The fact that there does appear to be a bias against certain kinds of proteins suggests FFPE samples may not be well suited for initial discovery work, Rodland said, "because you don't know what's missing in the FFPE block compared to a flash-frozen tissue."

"But once you have, say, a preliminary panel that might have 100 candidates, and you want to narrow that down to 10 or fewer candidates, and you want to verify the performance of your biomarker panel in a statistically significant number of patient samples with clinical outcomes data, [FFPE] is extremely well fitted to that particular application and will be a huge resource," she said.

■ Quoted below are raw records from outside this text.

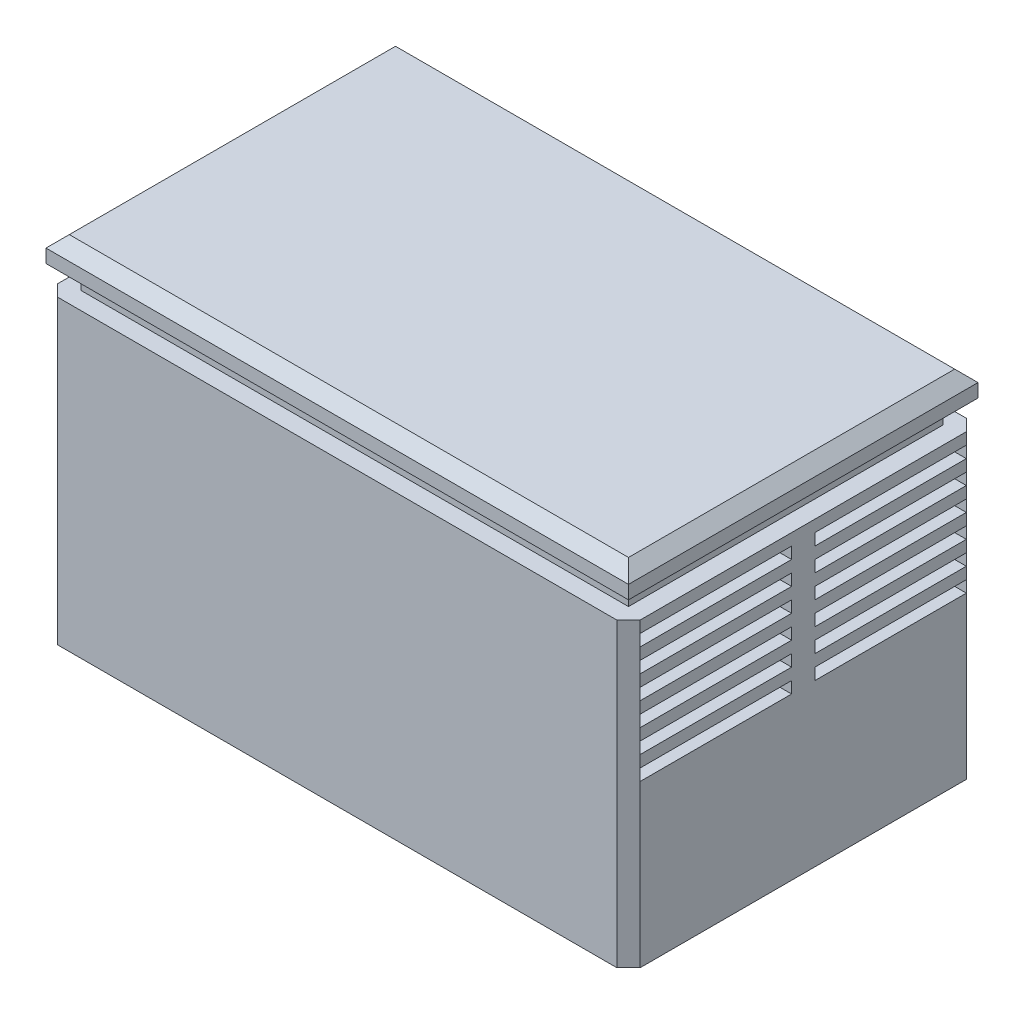
SolidWorks part; units mm, degrees
material "2024 Alloy"
ref_plane "Front Plane" through (0, 0, 0) normal (0, 0, 1) x (1, 0, 0)
ref_plane "Top Plane" through (0, 0, 0) normal (0, 1, 0) x (1, 0, 0)
ref_plane "Right Plane" through (0, 0, 0) normal (1, 0, 0) x (0, 0, -1)
sketch "Sketch1" plane through (0, 0, 0) normal (0, 0, 1) x (1, 0, 0)
  line L0 (250, 118.4806) -> (235, 118.4806)
  line L1 (250, 150) -> (-250, 150)
  line L2 (250, 150) -> (250, 118.4806)
  line L3 (250, -150) -> (-250, -150)
  line L4 (-250, 150) -> (-250, 118.4806)
  line L5 (250, 150) -> (-250, -150) construction
  line L6 (250, -150) -> (-250, 150) construction
  line L7 (235, 118.4806) -> (235, 108.4806)
  line L8 (235, 108.4806) -> (250, 108.4806)
  line L9 (-250, 118.4806) -> (-235, 118.4806)
  line L10 (-235, 118.4806) -> (-235, 108.4806)
  line L11 (-235, 108.4806) -> (-250, 108.4806)
  line L12 (250, 108.4806) -> (250, -150)
  line L13 (-250, 108.4806) -> (-250, -150)
  point P0 (0, 0)
  dimension "D1" = 500
  dimension "D2" = 300
  dimension "D3" = 10
  dimension "D4" = 15
  dimension "D5" = 15
  dimension "D6" = 10
extrude "Boss-Extrude1" add sketch "Sketch1" along normal blind 300
sketch "Sketch2" plane through (-250, 0, 0) normal (-1, 0, 0) x (0, 0, 1)
  line L0 (300, 108.4806) -> (0, 108.4806) construction
  line L1 (300, 118.4806) -> (285, 118.4806)
  line L2 (300, 118.4806) -> (300, 108.4806)
  line L3 (300, 108.4806) -> (285, 108.4806)
  line L4 (285, 118.4806) -> (285, 108.4806)
  line L6 (0, 118.4806) -> (15, 118.4806)
  line L7 (0, 118.4806) -> (0, 108.4806)
  line L8 (0, 108.4806) -> (15, 108.4806)
  line L9 (15, 118.4806) -> (15, 108.4806)
  dimension "D1" = 15
  dimension "D2" = 15
extrude "Cut-Extrude1" cut sketch "Sketch2" against normal through all
sketch "Sketch4" plane through (-250, 0, 0) normal (-1, 0, 0) x (0, 0, 1)
  line L10 (0, 108.4806) -> (0, -150) construction
  line L11 (10, 98.4806) -> (140, 98.4806)
  line L12 (10, 98.4806) -> (10, 88.4806)
  line L13 (10, 88.4806) -> (140, 88.4806)
  line L14 (140, 98.4806) -> (140, 88.4806)
  line L15 (300, 108.4806) -> (0, 108.4806) construction
  line L16 (160, 98.4806) -> (160, 88.4806)
  line L17 (160, 88.4806) -> (290, 88.4806)
  line L18 (160, 98.4806) -> (290, 98.4806)
  line L19 (290, 98.4806) -> (290, 88.4806)
  line L20 (160, 78.4806) -> (160, 68.4806)
  line L21 (160, 68.4806) -> (290, 68.4806)
  line L22 (160, 78.4806) -> (290, 78.4806)
  line L23 (290, 78.4806) -> (290, 68.4806)
  line L24 (160, 58.4806) -> (160, 48.4806)
  line L25 (160, 48.4806) -> (290, 48.4806)
  line L26 (160, 58.4806) -> (290, 58.4806)
  line L27 (290, 58.4806) -> (290, 48.4806)
  line L28 (160, 38.4806) -> (160, 28.4806)
  line L29 (160, 28.4806) -> (290, 28.4806)
  line L30 (160, 38.4806) -> (290, 38.4806)
  line L31 (290, 38.4806) -> (290, 28.4806)
  line L32 (160, 18.4806) -> (160, 8.4806)
  line L33 (160, 8.4806) -> (290, 8.4806)
  line L34 (160, 18.4806) -> (290, 18.4806)
  line L35 (290, 18.4806) -> (290, 8.4806)
  line L36 (160, -1.5194) -> (160, -11.5194)
  line L37 (160, -11.5194) -> (290, -11.5194)
  line L38 (160, -1.5194) -> (290, -1.5194)
  line L39 (290, -1.5194) -> (290, -11.5194)
  line L40 (10, 78.4806) -> (10, 68.4806)
  line L41 (10, 68.4806) -> (140, 68.4806)
  line L42 (10, 78.4806) -> (140, 78.4806)
  line L43 (140, 78.4806) -> (140, 68.4806)
  line L44 (10, 58.4806) -> (10, 48.4806)
  line L45 (10, 48.4806) -> (140, 48.4806)
  line L46 (10, 58.4806) -> (140, 58.4806)
  line L47 (140, 58.4806) -> (140, 48.4806)
  line L48 (10, 38.4806) -> (10, 28.4806)
  line L49 (10, 28.4806) -> (140, 28.4806)
  line L50 (10, 38.4806) -> (140, 38.4806)
  line L51 (140, 38.4806) -> (140, 28.4806)
  line L52 (10, 18.4806) -> (10, 8.4806)
  line L53 (10, 8.4806) -> (140, 8.4806)
  line L54 (10, 18.4806) -> (140, 18.4806)
  line L55 (140, 18.4806) -> (140, 8.4806)
  line L56 (10, -1.5194) -> (10, -11.5194)
  line L57 (10, -11.5194) -> (140, -11.5194)
  line L58 (10, -1.5194) -> (140, -1.5194)
  line L59 (140, -1.5194) -> (140, -11.5194)
  dimension "D1" = 10
  dimension "D2" = 10
  dimension "D3" = 10
  dimension "D4" = 130
  dimension "D5" = 2
  dimension "D6" = 6
extrude "Cut-Extrude2" cut sketch "Sketch4" against normal blind 30
sketch "Sketch7" plane through (250, 0, 0) normal (1, 0, 0) x (0, 0, -1)
  line L0 (-300, -150) -> (-300, 108.4806) construction
  line L1 (-290, 98.4806) -> (-160, 98.4806)
  line L2 (-290, 98.4806) -> (-290, 88.4806)
  line L3 (-290, 88.4806) -> (-160, 88.4806)
  line L4 (-160, 98.4806) -> (-160, 88.4806)
  line L5 (-285, 108.4806) -> (-15, 108.4806) construction
  line L6 (-140, 98.4806) -> (-140, 88.4806)
  line L7 (-140, 98.4806) -> (-10, 98.4806)
  line L8 (-140, 88.4806) -> (-10, 88.4806)
  line L9 (-10, 98.4806) -> (-10, 88.4806)
  line L10 (-140, 78.4806) -> (-140, 68.4806)
  line L11 (-140, 78.4806) -> (-10, 78.4806)
  line L12 (-140, 68.4806) -> (-10, 68.4806)
  line L13 (-10, 78.4806) -> (-10, 68.4806)
  line L14 (-140, 58.4806) -> (-140, 48.4806)
  line L15 (-140, 58.4806) -> (-10, 58.4806)
  line L16 (-140, 48.4806) -> (-10, 48.4806)
  line L17 (-10, 58.4806) -> (-10, 48.4806)
  line L18 (-140, 38.4806) -> (-140, 28.4806)
  line L19 (-140, 38.4806) -> (-10, 38.4806)
  line L20 (-140, 28.4806) -> (-10, 28.4806)
  line L21 (-10, 38.4806) -> (-10, 28.4806)
  line L22 (-140, 18.4806) -> (-140, 8.4806)
  line L23 (-140, 18.4806) -> (-10, 18.4806)
  line L24 (-140, 8.4806) -> (-10, 8.4806)
  line L25 (-10, 18.4806) -> (-10, 8.4806)
  line L26 (-140, -1.5194) -> (-140, -11.5194)
  line L27 (-140, -1.5194) -> (-10, -1.5194)
  line L28 (-140, -11.5194) -> (-10, -11.5194)
  line L29 (-10, -1.5194) -> (-10, -11.5194)
  line L30 (-290, 78.4806) -> (-290, 68.4806)
  line L31 (-290, 78.4806) -> (-160, 78.4806)
  line L32 (-290, 68.4806) -> (-160, 68.4806)
  line L33 (-160, 78.4806) -> (-160, 68.4806)
  line L34 (-290, 58.4806) -> (-290, 48.4806)
  line L35 (-290, 58.4806) -> (-160, 58.4806)
  line L36 (-290, 48.4806) -> (-160, 48.4806)
  line L37 (-160, 58.4806) -> (-160, 48.4806)
  line L38 (-290, 38.4806) -> (-290, 28.4806)
  line L39 (-290, 38.4806) -> (-160, 38.4806)
  line L40 (-290, 28.4806) -> (-160, 28.4806)
  line L41 (-160, 38.4806) -> (-160, 28.4806)
  line L42 (-290, 18.4806) -> (-290, 8.4806)
  line L43 (-290, 18.4806) -> (-160, 18.4806)
  line L44 (-290, 8.4806) -> (-160, 8.4806)
  line L45 (-160, 18.4806) -> (-160, 8.4806)
  line L46 (-290, -1.5194) -> (-290, -11.5194)
  line L47 (-290, -1.5194) -> (-160, -1.5194)
  line L48 (-290, -11.5194) -> (-160, -11.5194)
  line L49 (-160, -1.5194) -> (-160, -11.5194)
  dimension "D1" = 10
  dimension "D2" = 10
  dimension "D3" = 10
  dimension "D4" = 130
  dimension "D5" = 2
  dimension "D6" = 6
extrude "Cut-Extrude3" cut sketch "Sketch7" against normal blind 30
chamfer "Chamfer1" distance 10 angle 45 4 edges at (250, 150, 150) (0, 150, 300) (-250, 150, 150) (0, 150, 0)
chamfer "Chamfer2" distance 10 angle 45 4 edges at (250, 118.4806, 150) (0, 118.4806, 300) (0, 118.4806, 0) (-250, 118.4806, 150)
chamfer "Chamfer3" distance 10 angle 45 4 edges at (250, -20.7597, 300) (250, -20.7597, 0) (-250, -20.7597, 0) (-250, -20.7597, 300)

As Rodland and her co-authors noted, much proteomic biomarker work has been done in fresh frozen or OCT samples but these are expensive and difficult to obtain, particularly in the large numbers desired to ensure high-quality statistics. Additionally, because these samples have in many cases been taken more recently, they may not have the long-term treatment and outcome data that is available for banked FFPE tissues like those provided by the SEER repositories.

Rodland said that to date, the SEER repositories have been reluctant to release their FFPE samples for mass spec-based proteomics research.

They "had to be convinced that there was utility in doing that," she said. "It's a precious resource, and you're not going to loan it out to people if they're not going to get reliable, reproducible results out of it. And the feedback I'm getting is that this study did convince that community that if they released some of their FFPE materials for proteomic studies, there will be good and valid results out of those studies that would be useful to the community and a good use of the resource."